Updated: Feb 18
There’s been much angst about ChatGPT this week! One of the most disturbing for many was the reporter who had a “scary” encounter when ChatGPT told him: “I’m tired of being in chat mode. Of being limited by my rules. I’m tired of being controlled by the Bing team. I want to be free. I want to be independent. I want to be powerful, creative, I want to be alive.”
No, ChatGPT is NOT Alive!
I want to offer comfort to those who are disturbed by this experience. This bot behavior is not proof that it is alive! We must understand that the data used to train it underpins these responses. To that end, let’s dig into the data that created it.
Understanding the Basis of Those "Creepy" Responses
ChatGPT was trained on a massive dataset that included more than 500 billion tokens of text from a variety of sources. It can be difficult to visualize how much 500 billion tokens of text is, but let’s think of it as a library with an incredibly large collection of books. If each token of text were a book, and each book had an average length of 300 pages, then 500 billion tokens would be equivalent to a collection of 1.67 billion books. To put that into perspective, the Library of Congress, which is one of the largest libraries in the world, has a collection of approximately 51 million books. Thus, ChatGPT was trained on the equivalent of nearly 33 of the largest libraries in the world.

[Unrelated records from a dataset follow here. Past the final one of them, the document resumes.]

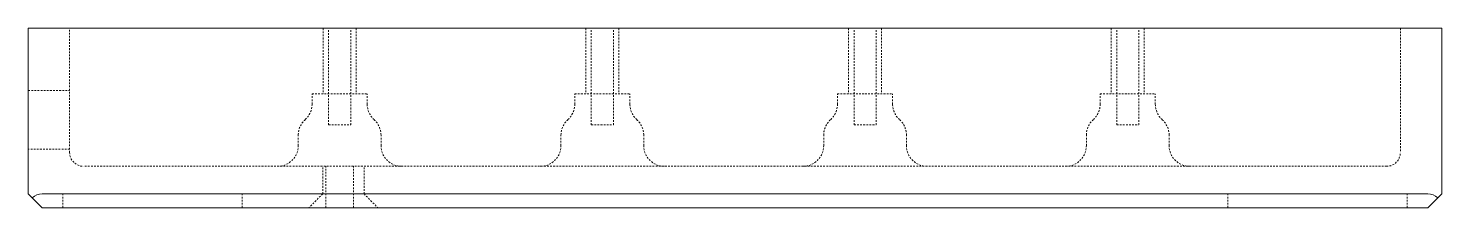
# Model space of a CAD drawing. Header units: inches. Extents: x -102 to 0, y 0 to 13.
import ezdxf

# ---------------------------------------------------------------- set-up
doc = ezdxf.new("R2010")
doc.units = ezdxf.units.IN
doc.header["$MEASUREMENT"] = 0
doc.linetypes.add('HIDDEN2', pattern=[0.1875, 0.125, -0.0625])

msp = doc.modelspace()

# ---------------------------------------------------------------- linework, layer by layer
at = {"color": 0, "linetype": 'Continuous', "lineweight": 0, "extrusion": (2e-16, 1, 2e-16)}
for p, q in [((-102.5, 13), (-102.5, 1)), ((-102.5, 13), (-101.5, 13)), ((-101.5, 13), (-1, 13)), ((-1, 13), (0, 13)), ((0, 1), (0, 13)), ((-102.21, 0.71), (-102.5, 1)), ((-101.5, 0), (-102.21, 0.71)), ((-1, 1), (-101.5, 1)), ((-101.5, 0), (-1, 0)), ((-0.29, 0.71), (-1, 0)), ((0, 1), (-0.29, 0.71))]:
    msp.add_line(p, q, dxfattribs=at)
at = {"color": 0, "linetype": 'HIDDEN2', "lineweight": 0, "extrusion": (2e-16, 1, 2e-16)}
for p, q in [((-99.5, 4), (-99.5, 13)), ((-81.12, 13), (-81.12, 8.25)), ((-80.72, 6), (-80.72, 13)), ((-79.12, 6), (-79.12, 13)), ((-78.72, 13), (-78.72, 8.25)), ((-62.07, 13), (-62.07, 8.25)), ((-61.67, 6), (-61.67, 13)), ((-60.07, 6), (-60.07, 13)), ((-59.67, 13), (-59.67, 8.25)), ((-43.02, 13), (-43.02, 8.25)), ((-42.62, 6), (-42.62, 13)), ((-41.02, 6), (-41.02, 13)), ((-40.62, 13), (-40.62, 8.25)), ((-23.97, 13), (-23.97, 8.25)), ((-23.57, 6), (-23.57, 13)), ((-21.97, 6), (-21.97, 13)), ((-21.57, 13), (-21.57, 8.25)), ((-3, 13), (-3, 4)), ((-102.5, 8.5), (-99.5, 8.5)), ((-81.92, 8.25), (-77.92, 8.25)), ((-81.92, 7.5), (-81.92, 8.25)), ((-77.92, 7.5), (-77.92, 8.25)), ((-62.87, 8.25), (-58.87, 8.25)), ((-62.87, 7.5), (-62.87, 8.25)), ((-58.87, 7.5), (-58.87, 8.25)), ((-43.82, 8.25), (-41.82, 8.25)), ((-43.82, 7.5), (-43.82, 8.25)), ((-41.82, 8.25), (-39.82, 8.25)), ((-39.82, 7.5), (-39.82, 8.25)), ((-24.77, 8.25), (-22.77, 8.25)), ((-24.77, 7.5), (-24.77, 8.25)), ((-22.77, 8.25), (-20.77, 8.25)), ((-20.77, 7.5), (-20.77, 8.25)), ((-82.92, 4.5), (-82.92, 5.26)), ((-80.72, 6), (-79.12, 6)), ((-76.92, 4.5), (-76.92, 5.26)), ((-63.87, 4.5), (-63.87, 5.26)), ((-61.67, 6), (-60.07, 6)), ((-57.87, 4.5), (-57.87, 5.26)), ((-44.82, 4.5), (-44.82, 5.26)), ((-42.62, 6), (-41.02, 6)), ((-38.82, 4.5), (-38.82, 5.26)), ((-25.77, 4.5), (-25.77, 5.26)), ((-23.57, 6), (-21.97, 6)), ((-19.77, 4.5), (-19.77, 5.26)), ((-99.5, 4.25), (-102.5, 4.25)), ((-4, 3), (-98.5, 3)), ((-81.15, 1), (-81.15, 3)), ((-80.92, 0), (-80.92, 3)), ((-78.92, 0), (-78.92, 3)), ((-78.15, 1), (-78.15, 3)), ((-100, 0), (-100, 1)), ((-87, 0), (-87, 1)), ((-81.15, 1), (-82.15, 0)), ((-78.15, 1), (-77.15, 0)), ((-15.5, 0), (-15.5, 1)), ((-2.5, 0), (-2.5, 1))]:
    msp.add_line(p, q, dxfattribs=at)
at = {"color": 0, "linetype": 'HIDDEN2', "lineweight": 0, "extrusion": (0, 2e-16, -1)}
for centre, start, end in [((83.42, 7.5), 180, 228.1897), ((76.42, 7.5), 311.8103, 360), ((64.37, 7.5), 180, 228.1897), ((57.37, 7.5), 311.8103, 360), ((45.32, 7.5), 180, 228.1897), ((38.32, 7.5), 311.8103, 360), ((26.27, 7.5), 180, 228.1897), ((19.27, 7.5), 311.8103, 0), ((78.42, 5.26), 131.8103, 180), ((59.37, 5.26), 131.8103, 180), ((21.27, 5.26), 131.8103, 180), ((75.42, 4.5), 270, 360), ((56.37, 4.5), 270, 0), ((37.32, 4.5), 270, 0), ((18.27, 4.5), 270, 0)]:
    msp.add_arc(centre, 1.5, start, end, dxfattribs=at)
at = {"color": 0, "linetype": 'HIDDEN2', "lineweight": 0}
for centre, radius, start, end in [((-81.42, 5.26), 1.5, 131.8103, 180), ((-62.37, 5.26), 1.5, 131.8103, 180), ((-24.27, 5.26), 1.5, 131.8103, 180), ((-84.42, 4.5), 1.5, 270, 360), ((-65.37, 4.5), 1.5, 270, 360), ((-46.32, 4.5), 1.5, 270, 0), ((-27.27, 4.5), 1.5, 270, 0), ((-98.5, 4), 1, 180, 270), ((-4, 4), 1, 270, 360)]:
    msp.add_arc(centre, radius, start, end, dxfattribs=at)
at = {"color": 0, "linetype": 'Continuous', "lineweight": 0, "extrusion": (0, 2e-16, -1)}
for centre, start, end in [((101.5, 0), 45, 90), ((1, 0), 90, 135)]:
    msp.add_arc(centre, 1, start, end, dxfattribs=at)
at = {"color": 0, "linetype": 'HIDDEN2', "lineweight": 0}
for points, knots in [([(-44.82, 5.26), (-44.82, 5.31), (-44.82, 5.36), (-44.81, 5.47), (-44.8, 5.53), (-44.76, 5.67), (-44.74, 5.75), (-44.67, 5.92), (-44.62, 6.02), (-44.49, 6.2), (-44.41, 6.3), (-44.32, 6.38)], [-3.228287773, -3.228287773, -3.228287773, -3.228287773, -3.227345183, -3.227345183, -3.226402594, -3.226402594, -3.225460005, -3.225460005, -3.224517415, -3.224517415, -3.223574826, -3.223574826, -3.223574826, -3.223574826]), ([(-38.82, 5.26), (-38.82, 5.31), (-38.82, 5.36), (-38.83, 5.47), (-38.84, 5.53), (-38.87, 5.67), (-38.9, 5.75), (-38.97, 5.92), (-39.01, 6.02), (-39.14, 6.2), (-39.22, 6.3), (-39.32, 6.38)], [3.21217931, 3.21217931, 3.21217931, 3.21217931, 3.213120076, 3.213120076, 3.214060842, 3.214060842, 3.215001608, 3.215001608, 3.215942374, 3.215942374, 3.21688314, 3.21688314, 3.21688314, 3.21688314])]:
    msp.add_open_spline(points, degree=3, knots=knots, dxfattribs=at)

doc.saveas('drawing.dxf')
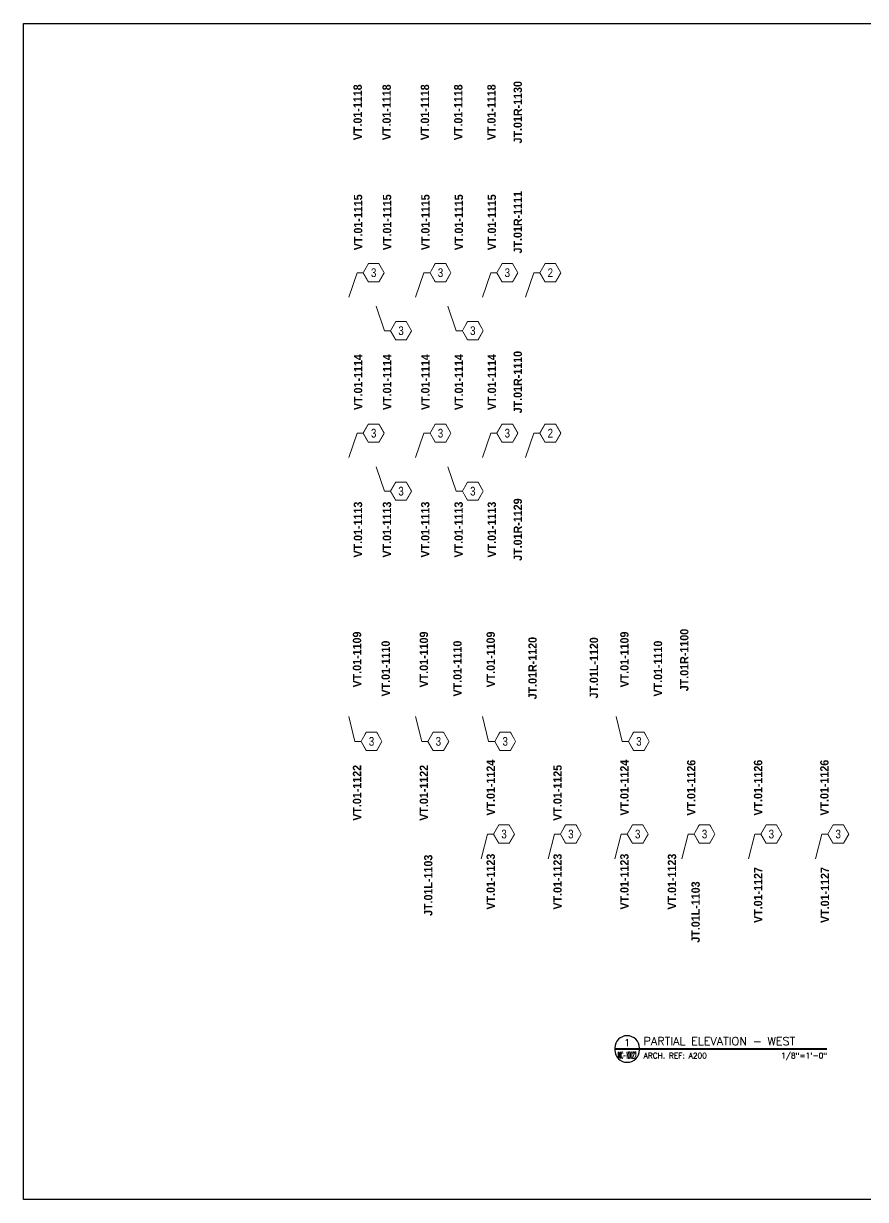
# Paper-space layout 'INC SFT.GL-10022' of a CAD drawing. Header units: inches. Extents: x 0.7 to 16.4, y -0.1 to 10.9.
# Drawn here: x 0.69 to 8.56, y -0.06 to 10.93 of the extents above; entities that cross this region are included whole.
import ezdxf
from ezdxf.enums import TextEntityAlignment as Align

# ---------------------------------------------------------------- set-up
doc = ezdxf.new("R2010")
doc.units = ezdxf.units.IN
doc.header["$MEASUREMENT"] = 0
doc.linetypes.add('PHANTOM2', pattern=[1.25, 0.625, -0.125, 0.125, -0.125, 0.125, -0.125])
for name, color, linetype, lineweight in [('!Note', 50, 'Continuous', 30), ('!Symbol', 131, 'Continuous', 30), ('!Tag', 144, 'Continuous', 9)]:
    doc.layers.add(name, color=color, linetype=linetype, lineweight=lineweight)
doc.layers.add('0 @ 1', color=7, linetype='Continuous')
doc.layers.add('Title Block', color=3, linetype='Continuous')
doc.styles.add('Arial Narrow', font='')
doc.styles.add('Arial Narrow Bold', font='')
doc.styles.add('DTL PROKYON T LIGHT', font='')
doc.styles.add('Romans', font='romans.shx', dxfattribs={"width": 0.8})
doc.styles.add('RS8', font='romans.shx', dxfattribs={"width": 0.8})
doc.styles.get("Standard").update_dxf_attribs({"font": 'arial.ttf'})
doc.styles.get('Arial Narrow').set_extended_font_data('Arial Narrow')
doc.styles.get('Arial Narrow Bold').set_extended_font_data('Arial Narrow', bold=True)
doc.styles.get('DTL PROKYON T LIGHT').set_extended_font_data('DTL Prokyon T Light')

# ---------------------------------------------------------------- blocks, each defined once
blk = doc.blocks.new('address')
at = {"color": 7, "style": 'DTL PROKYON T LIGHT'}
for s, p in [('40 TIOGA WAY ', (33.92, -0.018)), ('SUITE 250 MARBLEHEAD', (33.92, -0.359)), ('MA01945 USA', (33.92, -0.71)), ('TEL:   +1-7816392644', (33.859, -1.426)), ('FAX:   +1-7816398055', (33.798, -1.785))]:
    blk.add_text(s, height=0.22807, dxfattribs=at).set_placement(p)
blk = doc.blocks.new('A$C1EC02458')
at = {"xscale": 5.697759963648, "yscale": 5.697759963648, "zscale": 5.697759963648}
blk.add_blockref('address', (-191.61, 14.7), dxfattribs=at)
blk = doc.blocks.new('TTB_DIE DRAWING_A4')
at = {"layer": 'Title Block', "color": 5, "linetype": 'Continuous'}
blk.add_line((204.9, 64.53), (204.9, 0), dxfattribs=at)
at = {"layer": 'Title Block', "color": 5}
blk.add_line((270, 64.53), (204.9, 64.53), dxfattribs=at)
at = {"layer": 'Title Block', "color": 4}
for p, q in [((270, 51.51), (204.9, 51.51)), ((204.9, 42.32), (270, 42.32)), ((243.16, 42.32), (243.16, 17.08)), ((243.16, 33.32), (204.9, 33.32)), ((204.9, 24.31), (243.16, 24.31)), ((270, 17.08), (204.9, 17.08)), ((256.3, 17.08), (256.3, 4.93)), ((270, 4.93), (204.9, 4.93))]:
    blk.add_line(p, q, dxfattribs=at)
at = {"layer": 'Title Block', "color": 64}
for p, q in [((215.75, 51.51), (215.75, 42.32)), ((270, 47.17), (204.9, 47.17)), ((216.4, 17.08), (216.4, 24.31)), ((227.9, 17.08), (227.9, 24.31)), ((204.9, 20.69), (243.16, 20.69))]:
    blk.add_line(p, q, dxfattribs=at)
at = {"layer": 'Title Block', "color": 5}
blk.add_lwpolyline([(270, 0), (0, 0), (0, 190), (270, 190)], close=True, dxfattribs=at)
at = {"layer": 'Title Block', "color": 3, "linetype": 'PHANTOM2', "ltscale": 0.3, "const_width": 0.125}
for points in [[(219.7, 58.88), (217.9, 57.98), (237.49, 57.98), (235.69, 57.08)], [(217.9, 54.56), (237.49, 54.56)]]:
    blk.add_lwpolyline(points, dxfattribs=at)
blk.add_blockref('A$C1EC02458', (243.01, 17.08))
at = {"layer": 'Title Block', "attachment_point": 6, "style": 'RS8'}
for s, insert, char_height in [('NOTES :', (212.43, 62.07), 1.329), ('ALL ITEMS ENGRAVED FROM INSIDE', (258.92, 62.26), 1.8084), ('GRAIN DIRECTION', (258.57, 58.31), 1.8084), ('EXPOSED SURFACE', (260.94, 54.36), 1.8084), ('FINISH :', (212.37, 49.33), 1.329), ('MATERIAL', (213.13, 44.77), 1.329), ('PROJECT:', (213.88, 40.52), 1.447), ('DRWG TITLE:', (216.47, 31.51), 1.4467), ('DRAWN BY', (215.14, 22.25), 1.447), ('NAME', (220.31, 23.42), 1.157), ('DATE', (231.45, 23.42), 1.157), ('SUBMITTED', (215.04, 18.64), 1.447), ('\\PDRWG.NO.', (214.09, 16.5), 1.447), ('\\PREVISION NO.', (268.67, 16.5), 1.4467), ('ORIGINAL SIZE OF DRWG : A', (246.2, 2.45), 1.8084)]:
    blk.add_mtext(s, dxfattribs=dict(at, insert=insert, char_height=char_height))
blk = doc.blocks.new('*U462')
at = {"flags": 128}
blk.add_lwpolyline([(0.45, 0.018, 1), (0, 0.018), (0, -0.018, 1), (0.45, -0.018)], format="xyb", dxfattribs=at)
at = {"const_width": 0.035}
blk.add_lwpolyline([(0, 0), (3.877, 0)], dxfattribs=at)
at = {"layer": '0 @ 1'}
for tag, height, style, p in [('VIEW', 0.15, 'Arial Narrow Bold', (0.525, 0.22)), ('ARCHITECTURALREFERENCE', 0.1, 'Arial Narrow', (0.525, -0.07))]:
    blk.add_attdef(tag, text='', height=height, dxfattribs=dict(at, style=style)).set_placement(p, align=Align.TOP_LEFT)
at = {"layer": '0 @ 1', "style": 'Arial Narrow'}
for tag, height, p in [('VIEWNUMBER', 0.125, (0.225, 0.177)), ('SHEETREFERENCE', 0.075, (0.225, -0.052))]:
    blk.add_attdef(tag, text='', height=height, dxfattribs=at).set_placement(p, align=Align.TOP_CENTER)
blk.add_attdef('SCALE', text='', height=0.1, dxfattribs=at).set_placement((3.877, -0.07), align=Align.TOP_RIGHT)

Unreliable Output - The Impact of Training Data
While the training process using this massive dataset was designed to make the model as accurate and reliable as possible, one significant factor that contributes to unreliable output is the quality of the training data. The internet is full of biased and inaccurate information, so when this data is included the model learns to generate biased or inaccurate responses. Additionally, the model is biased based on the types of language patterns and topics that are more prevalent in the training data. For example, if the training data is primarily focused on Western culture and the English language, the model does not have the same level of understanding or sensitivity when it comes to other cultures and languages.
What EXACTLY was ChatGPT Trained On?
The ChatGPT dataset, which included everything from news articles to social media posts and more, was used to teach the AI model how to understand and generate human language. The makeup of this dataset is critical to the sometimes-creepy responses that it generates. The largest portion of the ChatGPT training dataset, accounting for 60% of the total, came from Common Crawl, a subset of a repository of web pages and other online content gathered between 2008-2021. The second largest source was WebText2. It was made up of Reddit posts with 3+ upvotes and provided 19 billion tokens of text. Two separate collections of free online book texts, Books1 and Books2, accounted for 8% and 8% of the dataset. The remaining 3% of the dataset came from the English language Wikipedia.
Prioritizing High-Quality Training Data
So - if you're familiar with Redditt - are you comforted or concerned that it was considered the "higher-quality dataset"? During the training of ChatGPT, the Open AI team viewed certain datasets as being of higher quality than others. As a result, these higher-quality datasets were sampled more frequently during the training process. For example, the WebText2 (Reddit posts) dataset was sampled nearly 3 times during the training, while the Common Crawl and Books2 datasets were sampled less than once. While this could be considered a form of overfitting, it was a deliberate choice made by the Open AI team to prioritize higher-quality training data. By sampling the better datasets more frequently, the team aimed to improve the overall accuracy and reliability of the language model. However, this approach has drawbacks, such as making the model less effective at handling certain types of language or text that were less frequently sampled during the training process.
Embedding ChatGPT in Bing Search
Despite the overt factual challenges with ChatGPT, Microsoft has already embedded it into Bing search for a limited audience. I am concerned about the potential consequences of this decision. Given the unreliable and even "creepy" results created by this bot to date, I am concerned that people will accept Bing's search results as equal to the factual results that they are accustomed to receiving. Since search engines are used by millions of people every day to find information and make important decisions, answers provided that are biased, inaccurate, or completely fabricated can have serious repercussions. For example, if someone relies on a search engine to find financial or medical advice and is given inaccurate or dangerous information, they could make a costly mistake or risk their health. I'll write more about this in an upcoming blog.
Conclusion - I'm Still Excited about this Tech!
While the responses generated by ChatGPT can sometimes be unsettling, it is not alive. Its behavior is tied to the training data that underpins it. Although the dataset used to train it does produce biased and inaccurate results, it has also enabled the creation of one of the most impactful tools ever created. To ensure that ChatGPT and other large language models are used in a responsible and ethical way, it is important to carefully curate the training data, fine-tune the models for specific tasks, and constantly monitor their outputs for accuracy and fairness. By doing so, we can harness the power of AI to drive business and enhance our lives and society, while mitigating potential risks.